RECORD EXCERPTS
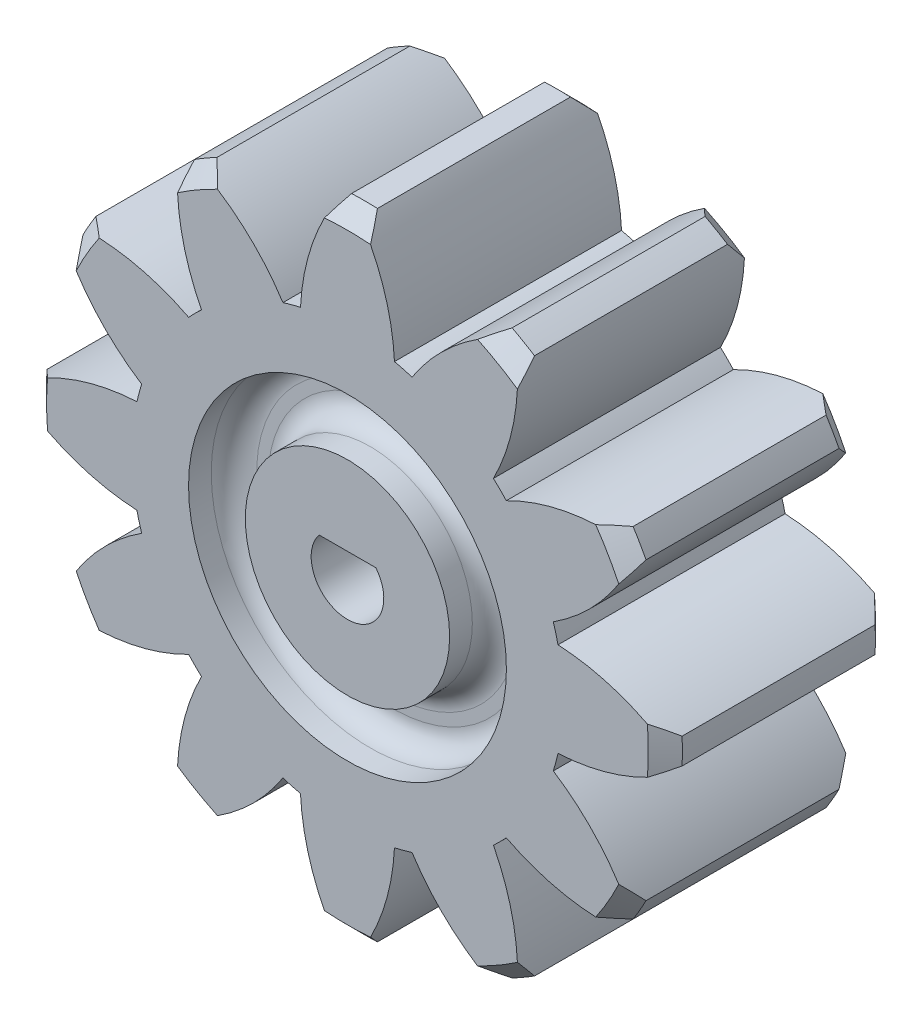
SolidWorks part; units mm, degrees
ref_plane "Front Plane" through (0, 0, 0) normal (0, 0, 1) x (1, 0, 0)
ref_plane "Top Plane" through (0, 0, 0) normal (0, 1, 0) x (1, 0, 0)
ref_plane "Right Plane" through (0, 0, 0) normal (1, 0, 0) x (0, 0, -1)
sketch "Sketch1" plane through (0, 0, 0) normal (0, 0, 1) x (1, 0, 0)
  line L0 (0, 18.2844) -> (0, -18.5063) construction
  line L1 (-21.4042, 0) -> (32.7718, 0) construction
  line L2 (-1.57, 17.3282) -> (-1.57, 3.0678) construction
  line L3 (-0.57, 19.83) -> (-0.57, 2.7238) construction
  line L4 (-2.07, 15.9554) -> (-2.07, 3.2392) construction
  circle A0 centre (0, 0) radius 9.5
  circle A1 centre (0, 0) radius 12 construction
  circle A2 centre (0, 0) radius 14
  arc A3 (-2.07, 9.2717) -> (-0.57, 13.9884) centre (7.6252, 8.7853) cw
  arc A4 (2.07, 9.2717) -> (0.57, 13.9884) centre (-7.6252, 8.7853) ccw
  point P18 (-1.57, 11.8969)
  dimension "D1" = 19
  dimension "D2" = 24
  dimension "D3" = 28
  dimension "D4" = 1.57
  dimension "D5" = 1
  dimension "D6" = 0.5
extrude "Boss-Extrude1" add sketch "Sketch1" along normal blind 10 contours A0 | A0 A4 A2 A3
chamfer "Chamfer1" distance 0.75 angle 45 2 edges at (0, 14, 0) (0, 14, 10)
pattern_circular "CirPattern1" count 12 over 360 about axis through (0, 0, 0) along (0, 0, 1) of "Boss-Extrude1", "Chamfer1"
sketch "Sketch2" plane through (0, 0, 10) normal (0, 0, 1) x (1, 0, 0)
  circle A0 centre (0, 0) radius 7
  circle A1 centre (0, 0) radius 4.5
  dimension "D1" = 14
  dimension "D2" = 9
extrude "Cut-Extrude1" cut sketch "Sketch2" against normal blind 2
fillet "Fillet1" radius 1 2 edges at (7, 0, 8) (4.5, 0, 8)
ref_plane "Plane1" through (0, 0, 5) normal (0, 0, 1) x (1, 0, 0)
mirror "Mirror1" about plane through (0, 0, 5) normal (0, 0, 1) of "Fillet1", "Cut-Extrude1"
sketch "Sketch3" plane through (0, 0, 10) normal (0, 0, 1) x (1, 0, 0)
  line L0 (-1.249, 1) -> (1.249, 1)
  circle A0 centre (0, 0) radius 1.6
  dimension "D1" = 3.2
  dimension "D2" = 2.6
extrude "Cut-Extrude2" cut sketch "Sketch3" against normal up to next contours L0 A0

THE TASK
What is needed is the full material, retyped unchanged, with no pictures in it.

RESPONSE BELOW
SolidWorks part; units mm, degrees
ref_plane "Front Plane" through (0, 0, 0) normal (0, 0, 1) x (1, 0, 0)
ref_plane "Top Plane" through (0, 0, 0) normal (0, 1, 0) x (1, 0, 0)
ref_plane "Right Plane" through (0, 0, 0) normal (1, 0, 0) x (0, 0, -1)
sketch "Sketch1" plane through (0, 0, 0) normal (0, 0, 1) x (1, 0, 0)
  line L0 (0, 18.2844) -> (0, -18.5063) construction
  line L1 (-21.4042, 0) -> (32.7718, 0) construction
  line L2 (-1.57, 17.3282) -> (-1.57, 3.0678) construction
  line L3 (-0.57, 19.83) -> (-0.57, 2.7238) construction
  line L4 (-2.07, 15.9554) -> (-2.07, 3.2392) construction
  circle A0 centre (0, 0) radius 9.5
  circle A1 centre (0, 0) radius 12 construction
  circle A2 centre (0, 0) radius 14
  arc A3 (-2.07, 9.2717) -> (-0.57, 13.9884) centre (7.6252, 8.7853) cw
  arc A4 (2.07, 9.2717) -> (0.57, 13.9884) centre (-7.6252, 8.7853) ccw
  point P18 (-1.57, 11.8969)
  dimension "D1" = 19
  dimension "D2" = 24
  dimension "D3" = 28
  dimension "D4" = 1.57
  dimension "D5" = 1
  dimension "D6" = 0.5
extrude "Boss-Extrude1" add sketch "Sketch1" along normal blind 10 contours A0 | A0 A4 A2 A3
chamfer "Chamfer1" distance 0.75 angle 45 2 edges at (0, 14, 0) (0, 14, 10)
pattern_circular "CirPattern1" count 12 over 360 about axis through (0, 0, 0) along (0, 0, 1) of "Boss-Extrude1", "Chamfer1"
sketch "Sketch2" plane through (0, 0, 10) normal (0, 0, 1) x (1, 0, 0)
  circle A0 centre (0, 0) radius 7
  circle A1 centre (0, 0) radius 4.5
  dimension "D1" = 14
  dimension "D2" = 9
extrude "Cut-Extrude1" cut sketch "Sketch2" against normal blind 2
fillet "Fillet1" radius 1 2 edges at (7, 0, 8) (4.5, 0, 8)
ref_plane "Plane1" through (0, 0, 5) normal (0, 0, 1) x (1, 0, 0)
mirror "Mirror1" about plane through (0, 0, 5) normal (0, 0, 1) of "Fillet1", "Cut-Extrude1"
sketch "Sketch3" plane through (0, 0, 10) normal (0, 0, 1) x (1, 0, 0)
  line L0 (-1.249, 1) -> (1.249, 1)
  circle A0 centre (0, 0) radius 1.6
  dimension "D1" = 3.2
  dimension "D2" = 2.6
extrude "Cut-Extrude2" cut sketch "Sketch3" against normal up to next contours L0 A0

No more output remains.